Offensive and Defensive Efficiency

Offensive and defensive efficiencies are important in calculating the expected number of points a team will score. Each of these metrics is calculated on a per-game basis and then average to get overall values. The per-game values are calculated using the following formulas:


 \text{OE}_{GA} = \frac{\text{PPP}_O}{\frac{\text{OAdjDE}}{\text{PPP}_{\text{NCAA}}}}  \text{DE}_{GA} = \frac{\text{PPP}_D}{\frac{\text{OAdjOE}}{\text{PPP}_{\text{NCAA}}}},


  • \text{OE}_{GA} = Game Adjusted Offensive Efficiency
  • \text{DE}_{GA} = Game Adjusted Defensive Efficiency
  • \text{PPP}_O = Points Scored Per Possession on Offense
  • \text{PPP}_D = Points Allowed Per Possession on Defense
  • \text{PPP}_{\text{NCAA}} = NCAA Average Points Per Possession
  • \text{OAdjOE} = Opponents Adjusted Offensive Efficiency
  • \text{OAdjDE} = Opponents Adjusted Defensive Efficiency
Once averaged out for all games a team places the adjusted offensive and defensive efficiencies are given by  AdjOE and  AdjDE .

Expected Points Scored

From these logical equations we need to take a step back and look the overall binomial distribution.
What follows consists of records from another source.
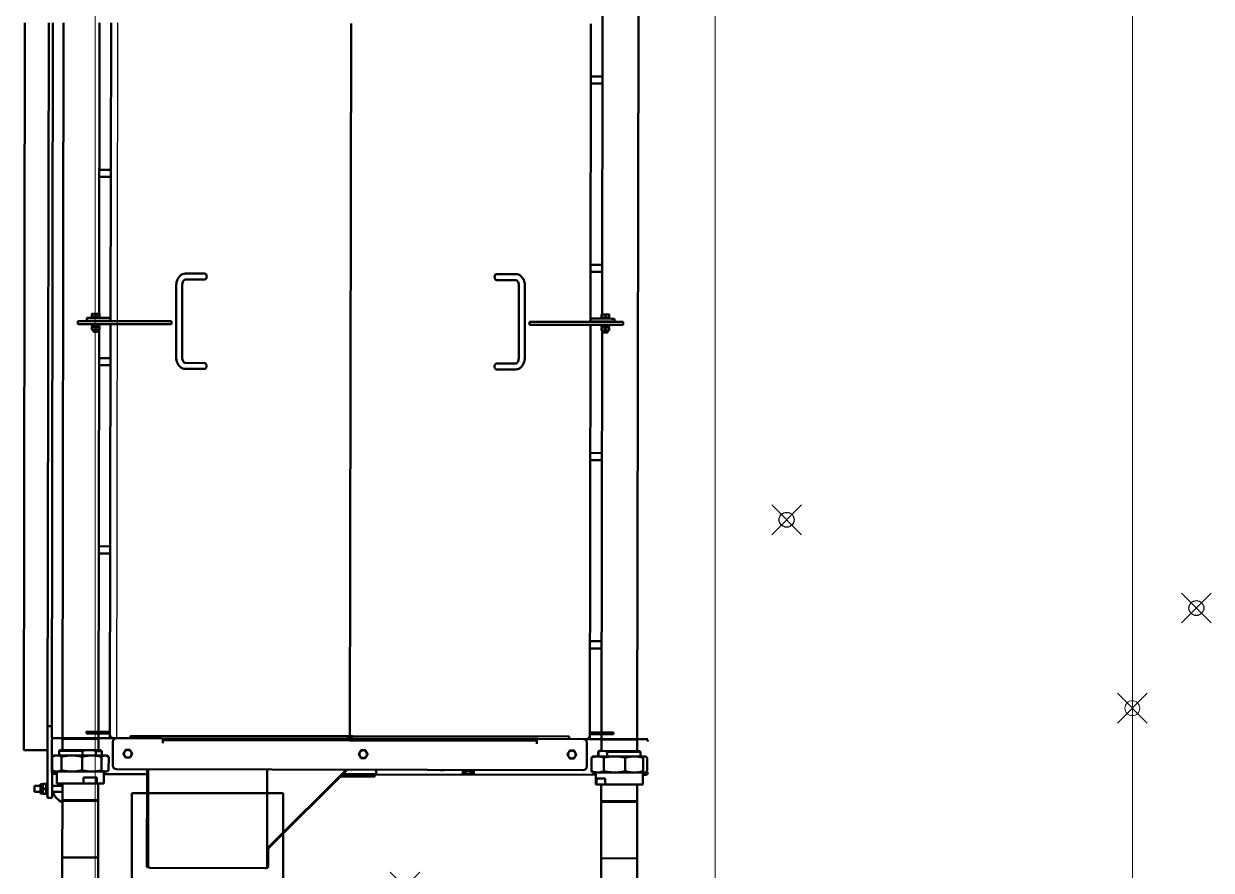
# Model space of a CAD drawing. Extents: x -3873 to 164127, y 7129 to 96529.
# Drawn here: x 50353 to 52345, y 58520 to 59939 of the extents above; entities that cross this region are included whole.
import ezdxf

# ---------------------------------------------------------------- set-up
doc = ezdxf.new("R2010")
doc.units = 0
doc.header["$PDMODE"] = 35
doc.header["$PDSIZE"] = 25
doc.layers.get('0').update_dxf_attribs({"linetype": 'CONTINUOUS'})
doc.layers.add('LAYOUT', color=90, linetype='CONTINUOUS')
doc.layers.add('LAYOUT Kromeka', color=1, linetype='CONTINUOUS', lineweight=5)
doc.layers.add('Visible (ISO)', color=7, linetype='CONTINUOUS', lineweight=50)

# ---------------------------------------------------------------- blocks, each defined once
blk = doc.blocks.new('FP02-1500_Feet_deskinner')
at = {"layer": 'Visible (ISO)', "color": 0}
for p, q in [((-127, 166.5), (-127, 0)), ((127, 0), (127, 166.5)), ((-127, 0), (-121.5, 0)), ((-121.5, 0), (121.5, 0)), ((121.5, 0), (127, 0))]:
    blk.add_line(p, q, dxfattribs=at)
blk = doc.blocks.new('FP01_Feet_Scalder')
at = {"layer": 'LAYOUT', "color": 0, "linetype": 'Continuous', "ltscale": 25}
blk.add_line((1195.5, 391.5), (-4, 391.5), dxfattribs=at)
at = {"layer": 'Visible (ISO)', "color": 0}
for p, q in [((-24, 547), (-24, 543)), ((-24, 547), (1195.5, 547)), ((-24, 511), (-24, 543)), ((-81.2, 519), (-96.8, 519)), ((-96.8, 515.5), (-96.8, 519)), ((-94, 529), (-84, 529)), ((-94, 529), (-94, 519)), ((-84, 529), (-84, 519)), ((-81.2, 515.5), (-81.2, 519)), ((-96, 507), (-104, 507)), ((-104, 499), (-104, 507)), ((-104, 499), (-96, 499)), ((-99, 509), (-79, 509)), ((-99, 509), (-99, 507)), ((-96.8, 515.5), (-97.5, 515.1)), ((-97.5, 515.1), (-97.5, 514.3)), ((-97.5, 510.2), (-97.5, 514.3)), ((-96.8, 509), (-97.5, 509.4)), ((-81.2, 515.5), (-96.8, 515.5)), ((-96, 507), (8, 507)), ((-96, 499), (-62.6, 499)), ((-94, 499), (-94, 482.1)), ((-89, 510.2), (-89, 514.3)), ((-84, 499), (-84, 482.1)), ((-81.2, 515.5), (-80.5, 515.1)), ((-81.2, 509), (-80.5, 509.4)), ((-80.5, 514.3), (-80.5, 515.1)), ((-80.5, 510.2), (-80.5, 514.3)), ((-79, 509), (-79, 507)), ((-60, 500), (-8, 500)), ((-60, 496), (-58.5, 498.5)), ((-35.1, 499.5), (-57.9, 499.5)), ((-33, 496), (-34.5, 498.5)), ((-24, 511), (-24, 507)), ((-5.4, 499), (-4, 499)), ((-4, 500), (-4, 494)), ((-4, 500), (1195.5, 500)), ((16, 507), (8, 507)), ((16, 507), (16, 500)), ((16, 507), (1195.5, 507)), ((-280, 482.1), (-204, 482.1)), ((-204, 421.8), (-204, 482.1)), ((-109, 482.1), (-204, 482.1)), ((-204, 482.1), (-204, 421.8)), ((-109, 482.1), (-109, 421.8)), ((-109, 481.1), (-108, 482.1)), ((-108, 421.8), (-108, 482.1)), ((-108, 482.1), (-80, 482.1)), ((-80, 491.5), (-80, 446.7)), ((-80, 491.5), (-60, 491.5)), ((-64, 491.5), (-64, 496)), ((-60, 491.5), (-60, 496)), ((-60, 466.3), (-60, 491.5)), ((-57.9, 483.5), (-35.1, 483.5)), ((-33, 496), (-33, 491.5)), ((-33, 491.5), (-33, 466.3)), ((-33, 487.7), (-25.5, 487.7)), ((-25.5, 487.7), (-25.5, 448.5)), ((-24, 486.2), (-25.5, 487.7)), ((-24, 486.2), (-24, 443.7)), ((-5, 482.1), (-24, 482.1)), ((-5, 482.1), (-5, 421.8)), ((-4, 481.1), (-5, 482.1)), ((-4, 482.1), (-4, 494)), ((-4, 482.1), (-4, 421.8)), ((1195.5, 482.1), (-4, 482.1)), ((-60, 432.7), (-60, 466.3)), ((-33, 466.3), (-33, 432.7)), ((-70, 446.7), (-80, 446.7)), ((-80, 446.7), (-80, 424.4)), ((-70, 446.7), (-70, 424.4)), ((-57.9, 449.1), (-35.1, 449.1)), ((-25.5, 448.5), (-33, 448.5)), ((-24, 430.9), (-24, 443.7)), ((4, 442), (4, 441)), ((4, 442), (7, 442)), ((4, 410.1), (4, 441)), ((7, 441), (7, 442)), ((7, 410.1), (7, 441)), ((690.5, 457.5), (690.5, 456.7)), ((690.5, 457.5), (695.5, 457.5)), ((690.5, 456.7), (690.5, 441.3)), ((690.5, 300.1), (690.5, 441.3)), ((695.5, 456.7), (695.5, 457.5)), ((695.5, 456.7), (695.5, 441.3)), ((695.5, 300.1), (695.5, 441.3)), ((696, 442.5), (696, 437.5)), ((696, 442.5), (701, 442.5)), ((701, 437.5), (701, 442.5)), ((-204, 421.8), (-249.8, 421.8)), ((-109, 421.8), (-204, 421.8)), ((-109, 422.8), (-108, 421.8)), ((-108, 421.8), (-80, 421.8)), ((-80, 424.4), (-80, 412.5)), ((-80, 424.4), (-70, 424.4)), ((-60, 410.4), (-60, 432.7)), ((-33, 432.7), (-33, 410.4)), ((-33, 426.1), (-25.5, 426.1)), ((-25.5, 426.1), (-25.5, 416.2)), ((-24, 430.9), (-24, 417.7)), ((-5, 421.8), (-24, 421.8)), ((-4, 422.8), (-5, 421.8)), ((-4, 421.8), (-4, 402.5)), ((4, 421.8), (-4, 421.8)), ((680.9, 421.8), (7, 421.8)), ((305.8, 402.5), (305.8, 421.8)), ((317.8, 421.8), (317.8, 402.5)), ((621.6, 402.5), (621.6, 421.8)), ((633.6, 421.8), (633.6, 402.5)), ((677.6, 430.7), (678.4, 431.5)), ((677.6, 430.7), (677.6, 424.3)), ((677.6, 424.3), (678.4, 423.5)), ((678.4, 423.5), (678.4, 431.5)), ((680.9, 431.5), (678.4, 431.5)), ((680.9, 423.5), (678.4, 423.5)), ((680.9, 433.3), (681.3, 434)), ((680.9, 421.7), (680.9, 433.3)), ((680.9, 421.7), (681.3, 421)), ((681.9, 434), (681.3, 434)), ((681.3, 421), (681.9, 421)), ((681.9, 434), (685.4, 434)), ((681.9, 427.5), (685.4, 427.5)), ((681.9, 421), (685.4, 421)), ((686.4, 433.3), (686, 434)), ((686.4, 421.7), (686, 421)), ((686.4, 421.7), (686.4, 433.3)), ((686.4, 433.3), (688.9, 433.3)), ((686.4, 421.7), (688.9, 421.7)), ((688.9, 435.5), (688.9, 419.5)), ((690.5, 435.5), (688.9, 435.5)), ((690.5, 419.5), (688.9, 419.5)), ((696, 431.5), (695.5, 431.5)), ((696, 423.5), (695.5, 423.5)), ((696, 421.8), (695.5, 421.8)), ((696, 419.6), (696, 437.5)), ((696, 419.6), (696, 416)), ((701, 437.5), (701, 419.6)), ((702.6, 435.5), (701, 435.5)), ((701, 416), (701, 419.6)), ((702.6, 419.5), (701, 419.5)), ((702.6, 435.5), (702.6, 419.5)), ((703.2, 433.2), (702.6, 433.2)), ((703.2, 421.8), (702.6, 421.8)), ((703.2, 434), (707.3, 434)), ((703.2, 434), (703.2, 427.5)), ((703.2, 427.5), (707.3, 427.5)), ((703.2, 427.5), (703.2, 421)), ((703.2, 421), (707.3, 421)), ((707.9, 434), (707.9, 430.7)), ((707.9, 430.7), (707.9, 424.2)), ((707.9, 424.2), (707.9, 421)), ((1195.5, 421.8), (707.9, 421.8)), ((937.4, 402.5), (937.4, 421.8)), ((949.4, 421.8), (949.4, 402.5)), ((-80, 412.5), (-60, 412.5)), ((-64, 340), (-64, 412.5)), ((-60, 408), (-60, 410.4)), ((-60, 408), (-58.5, 405.5)), ((-35.1, 416.3), (-57.9, 416.3)), ((-35.1, 404.5), (-57.9, 404.5)), ((-33, 408), (-34.5, 405.5)), ((-33, 416.2), (-25.5, 416.2)), ((-33, 410.4), (-33, 408)), ((-24, 417.7), (-25.5, 416.2)), ((-4, 397.1), (-4, 402.5)), ((-4, 402.5), (2, 402.5)), ((690.5, 402.5), (2, 402.5)), ((4, 410.1), (4, 405.7)), ((4, 402.5), (4, 405.7)), ((7, 405.7), (7, 410.1)), ((7, 402.5), (7, 405.7)), ((1195.5, 402.5), (695.5, 402.5)), ((696, 404), (696, 416)), ((696, 402.5), (696, 404)), ((701, 416), (701, 404)), ((701, 404), (701, 402.5)), ((-56, -391.5), (-56, 391.5)), ((-10, 397.5), (-50, 397.5)), ((-4, 397.1), (-4, 396.5)), ((-4, 396.5), (-4, 391.5)), ((-4, 316), (-4, 391.5)), ((0, 368.1), (-4, 368.1)), ((0, 368), (0, 368.1)), ((0, 368), (0, 5.1)), ((-56, 340), (-220.3, 340)), ((-220.3, 338), (-220.3, 340)), ((-221.3, 334.5), (-221.3, 142)), ((-56, 338), (-220.3, 338)), ((-4, 313.7), (-11.9, 313.7)), ((-11.9, 313.7), (-11.9, 313.5)), ((-10.4, 313.5), (-11.9, 313.5)), ((-7, 313.5), (-10.4, 313.5)), ((-7.5, 313.7), (-7.5, 313.5)), ((-7, 313.5), (-4, 313.5)), ((-7, 313.5), (-7, -313.5)), ((-6.5, 313.7), (-6.5, 313.5)), ((-4, 316), (-4, 5.1)), ((690.5, 300.1), (695.5, 300.1)), ((635.5, 292.4), (755.5, 292.4)), ((635.5, 282.4), (755.5, 282.4)), ((615.5, 245), (615.5, 276.8)), ((625.5, 245), (625.5, 276.8)), ((765.5, 276.8), (765.5, 245)), ((775.5, 276.8), (775.5, 245)), ((-221, 139.8), (-221.7, 139.8)), ((-220.9, 138.5), (-221.7, 139.8)), ((-220.6, 138.5), (-220.9, 138.5)), ((-220.3, 138.5), (-189.3, 138.5)), ((-220.3, 138.5), (-220.3, 136.5)), ((-220.3, 136.5), (-189.3, 136.5)), ((-56, 138.5), (-189.3, 138.5)), ((-189.3, 138.5), (-189.3, 136.5)), ((-56.3, 5.9), (-187.7, 137.8)), ((-187.7, 137.8), (-187.7, 136)), ((-56.3, 4.2), (-187.7, 136)), ((-67.5, 15.3), (-67.5, -42)), ((-63.5, 11.3), (-63.5, -44)), ((-56, 5.9), (-56.3, 5.9)), ((-56.3, 5.9), (-56.3, 4.2)), ((-56, 4.2), (-56.3, 4.2)), ((-4, 5.1), (-4, 3.3)), ((-4, -3.3), (-4, 3.3)), ((0, 0), (-4, 0)), ((-4, 0), (0, 0)), ((0, 0), (0, 5.1)), ((1195.5, 0), (0, 0)), ((0, -5.1), (0, 0)), ((1195.5, 0), (0, 0)), ((-4, -3.3), (-4, -5.1)), ((-4, -316), (-4, -5.1)), ((0, -368), (0, -5.1)), ((-67.5, -42), (-63.5, -42)), ((-64, -412.5), (-64, -42)), ((-56, -44), (-63.5, -44)), ((-56.5, -151.8), (-56.5, -157.8)), ((-56.5, -151.8), (-56, -151.8)), ((-56, -157.8), (-56.5, -157.8)), ((-63.4, -190.8), (-62.8, -189.8)), ((-63.4, -207.2), (-63.4, -190.8)), ((-58.4, -189.8), (-62.8, -189.8)), ((-62.8, -189.8), (-62.8, -189.8)), ((-58.4, -189.8), (-62.8, -189.8)), ((-62.8, -193.5), (-58.4, -193.5)), ((-62.8, -195.4), (-62.8, -193.5)), ((-58.4, -195.4), (-62.8, -195.4)), ((-58.4, -189.8), (-58.4, -189.8)), ((-58.4, -193.5), (-58.4, -189.8)), ((-56, -191), (-58.4, -191)), ((-58.4, -193.5), (-58.4, -195.4)), ((-58.4, -202.6), (-58.4, -195.4)), ((-63.4, -207.2), (-62.8, -208.3)), ((-62.8, -204.5), (-62.8, -202.6)), ((-62.8, -202.6), (-58.4, -202.6)), ((-58.4, -204.5), (-62.8, -204.5)), ((-62.8, -208.3), (-62.8, -208.2)), ((-62.8, -208.2), (-58.4, -208.2)), ((-58.4, -208.3), (-62.8, -208.3)), ((-58.4, -202.6), (-58.4, -204.5)), ((-58.4, -208.2), (-58.4, -204.5)), ((-56, -207), (-58.4, -207)), ((-58.4, -208.2), (-58.4, -208.3)), ((615.5, -276.8), (615.5, -245)), ((625.5, -276.8), (625.5, -245)), ((765.5, -245), (765.5, -276.8)), ((775.5, -245), (775.5, -276.8)), ((755.5, -282.4), (635.5, -282.4)), ((755.5, -292.4), (635.5, -292.4)), ((-10.4, -313.5), (-11.9, -313.5)), ((-11.9, -313.5), (-11.9, -313.7)), ((-11.9, -313.7), (-4, -313.7)), ((-7, -313.5), (-10.4, -313.5)), ((-4, -313.5), (-7, -313.5)), ((-4, -316), (-4, -391.5)), ((695.5, -300.1), (690.5, -300.1)), ((690.5, -300.1), (690.5, -441.3)), ((695.5, -300.1), (695.5, -441.3)), ((-4, -368.1), (0, -368.1)), ((0, -368.1), (0, -368)), ((-10, -397.5), (-50, -397.5)), ((-4, -396.5), (-4, -391.5)), ((-4, -396.5), (-4, -397.1)), ((-4, -402.5), (-4, -397.1)), ((-80, -412.5), (-80, -414.1)), ((-80, -412.5), (-60, -412.5)), ((-70, -414.1), (-80, -414.1)), ((-80, -414.1), (-80, -428.2)), ((-70, -414.1), (-70, -428.2)), ((-60, -408), (-59.6, -407.3)), ((-60, -415.8), (-60, -408)), ((-60, -444.1), (-60, -415.8)), ((-57.9, -405.4), (-35.1, -405.4)), ((-33, -408), (-33.4, -407.3)), ((-33, -408), (-33, -415.8)), ((-33, -415.8), (-33, -444.1)), ((-33, -416.3), (-25.5, -416.3)), ((-25.5, -417.4), (-33, -417.4)), ((-25.5, -416.3), (-25.5, -417.4)), ((-24, -417.8), (-25.5, -416.3)), ((-24, -417.8), (-24, -420.4)), ((-4, -402.5), (2, -402.5)), ((-4, -402.5), (-4, -421.9)), ((690.5, -402.5), (2, -402.5)), ((4, -402.5), (4, -405.7)), ((4, -405.7), (4, -410.1)), ((4, -410.1), (4, -441)), ((7, -402.5), (7, -405.7)), ((7, -410.1), (7, -405.7)), ((7, -410.1), (7, -441)), ((147.9, -421.9), (147.9, -402.5)), ((159.9, -402.5), (159.9, -421.9)), ((463.7, -421.9), (463.7, -402.5)), ((475.7, -402.5), (475.7, -421.9)), ((1195.5, -402.5), (695.5, -402.5)), ((696, -404), (696, -402.5)), ((696, -416), (696, -404)), ((696, -416), (696, -419.6)), ((701, -402.5), (701, -404)), ((701, -404), (701, -416)), ((701, -419.6), (701, -416)), ((779.5, -421.9), (779.5, -402.5)), ((791.5, -402.5), (791.5, -421.9)), ((1095.3, -421.9), (1095.3, -402.5)), ((1107.3, -402.5), (1107.3, -421.9)), ((-249.8, -421.9), (-204, -421.9)), ((-204, -482.2), (-204, -421.9)), ((-109, -421.9), (-204, -421.9)), ((-204, -482.2), (-204, -421.9)), ((-109, -421.9), (-109, -482.2)), ((-109, -422.9), (-108, -421.9)), ((-108, -482.2), (-108, -421.9)), ((-108, -421.9), (-80, -421.9)), ((-80, -428.2), (-80, -491.5)), ((-80, -428.2), (-70, -428.2)), ((-35.1, -426.2), (-57.9, -426.2)), ((-33, -431.6), (-25.5, -431.6)), ((-25.5, -431.6), (-25.5, -487.8)), ((-24, -428.5), (-24, -420.4)), ((-5, -421.9), (-24, -421.9)), ((-24, -428.5), (-24, -486.3)), ((-5, -421.9), (-5, -482.2)), ((-4, -422.9), (-5, -421.9)), ((-4, -421.9), (-4, -482.2)), ((4, -421.9), (-4, -421.9)), ((680.9, -421.9), (7, -421.9)), ((677.6, -424.3), (678.4, -423.5)), ((677.6, -424.3), (677.6, -430.7)), ((677.6, -430.7), (678.4, -431.5)), ((678.4, -431.5), (678.4, -423.5)), ((680.9, -423.5), (678.4, -423.5)), ((680.9, -431.5), (678.4, -431.5)), ((680.9, -421.7), (681.3, -421)), ((680.9, -433.3), (680.9, -421.7)), ((680.9, -433.3), (681.3, -434)), ((681.9, -421), (681.3, -421)), ((681.3, -434), (681.9, -434)), ((681.9, -421), (685.4, -421)), ((681.9, -427.5), (685.4, -427.5)), ((681.9, -434), (685.4, -434)), ((686.4, -421.7), (686, -421)), ((686.4, -433.3), (686, -434)), ((686.4, -433.3), (686.4, -421.7)), ((686.4, -421.7), (688.9, -421.7)), ((686.4, -433.3), (688.9, -433.3)), ((688.9, -419.5), (688.9, -435.5)), ((690.5, -419.5), (688.9, -419.5)), ((690.5, -435.5), (688.9, -435.5)), ((696, -421.9), (695.5, -421.9)), ((696, -423.5), (695.5, -423.5)), ((696, -431.5), (695.5, -431.5)), ((696, -437.5), (696, -419.6)), ((696, -437.5), (696, -442.5)), ((702.6, -419.5), (701, -419.5)), ((701, -419.6), (701, -437.5)), ((702.6, -435.5), (701, -435.5)), ((701, -442.5), (701, -437.5)), ((702.6, -419.5), (702.6, -435.5)), ((703.2, -421.8), (702.6, -421.8)), ((703.2, -433.2), (702.6, -433.2)), ((703.2, -421), (707.3, -421)), ((703.2, -421), (703.2, -427.5)), ((703.2, -427.5), (707.3, -427.5)), ((703.2, -427.5), (703.2, -434)), ((703.2, -434), (707.3, -434)), ((707.9, -421), (707.9, -424.3)), ((1195.5, -421.9), (707.9, -421.9)), ((707.9, -424.3), (707.9, -430.8)), ((707.9, -430.8), (707.9, -434)), ((1680.4, -421.9), (1195.5, -421.9)), ((-60, -477), (-60, -444.1)), ((-33, -444.1), (-33, -477)), ((4, -441), (4, -442)), ((7, -442), (4, -442)), ((7, -442), (7, -441)), ((690.5, -456.7), (690.5, -441.3)), ((690.5, -456.7), (690.5, -457.5)), ((695.5, -457.5), (690.5, -457.5)), ((695.5, -456.7), (695.5, -441.3)), ((695.5, -457.5), (695.5, -456.7)), ((701, -442.5), (696, -442.5)), ((-60, -495.3), (-60, -477)), ((-35.1, -462.1), (-57.9, -462.1)), ((-33, -477), (-33, -495.3)), ((-204, -482.2), (-280, -482.2)), ((-109, -482.2), (-204, -482.2)), ((-109, -481.2), (-108, -482.2)), ((-108, -482.2), (-80, -482.2)), ((-80, -491.5), (-60, -491.5)), ((-64, -496), (-64, -491.5)), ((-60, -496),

We want to model the expected number of points team A will score against team B and the variance of this score. The expected number of points team A will score per possession against team B is given by:


\text{E(points)}_A = \frac{\text{AdjOE}_A \cdot \text{AdjDE}_B \cdot \text{E(Tempo)}_{A,B}}{\text{AdjDE}_{\text{NCAA}}} \cdot \frac{1}{100},


  • \text{AdjOE}_A = Adjusted Offensive Efficiency of team A
  • \text{AdjDE}_B = Adjusted Defensive Efficiency of team B
  • \text{E(Tempo)}_{A,B} = The expected number of possessions that team and A and B will each have
  • \text{AdjDE}_{\text{NCAA}} = Adjusted Defensive Efficiency of the average NCAA Division 1 team
  • Note \text{E(Tempo)}_{A,B} is divided by 100 because tempo is generally expressed as points per 100 possessions, therefore we divide by 100 to find points per single possession.

Variance of Points Scored

The variance of this expectation is given in the formula for the variance of a binomial distribution. That is:
\sigma^2 = np(1-p),


  • n = The number of trials (Field Goals Attempted)
  • p = The probability of success (Effective Field Goal Percentage)
Now we just need to plugin the expressions we determined above into this variance formula. The variance of the points scored by team A against team B is given by:


\text{Var}(\text{points}_A) = E(\text{FGA}_A) \cdot E(\text{eFGO}_A)(1- \text{eFGO}_A) \cdot 2,


  • E(\text{FGA}_A) = The expected FGA of team A against team B
  • E(\text{eFGO}_A) = The expected eFG % team A will have against team B
  • Since eFG adjusts for 3-pointers we need to multiply by 2 because one “basket” is considered to be worth 2 points

Home Court Advantage


Home-court advantage surely does exist and KenPom has a great article on it if you want to read more about the numbers behind it. For many years both Bart Torvik and KenPom used a multiplier of 1.4% for this advantage. This multiplier was applied to both the home and away teams’ Adjusted Offensive and Defensive Efficiencies. The home team would receive a benefit of 1.4% so their Adjusted Offensive Efficiency would be multiplied by 1.4 and their Adjusted Defensive Efficiency would be multiplied by 98.6% (100%−1.4%) (since a lower Adjusted Defensive Efficiency is better). The reverse is true for the visiting team, their Adjusted Offensive Efficiency would be multiplied by 98.6% (100%−1.4%) and their Adjusted Defensive Efficiency would be multiplied by 1.4%. Of course many games are also played on neutral courts, most notably the National Championship Tournament. Therefore no multiplier is applied to teams playing a game on a neutral court.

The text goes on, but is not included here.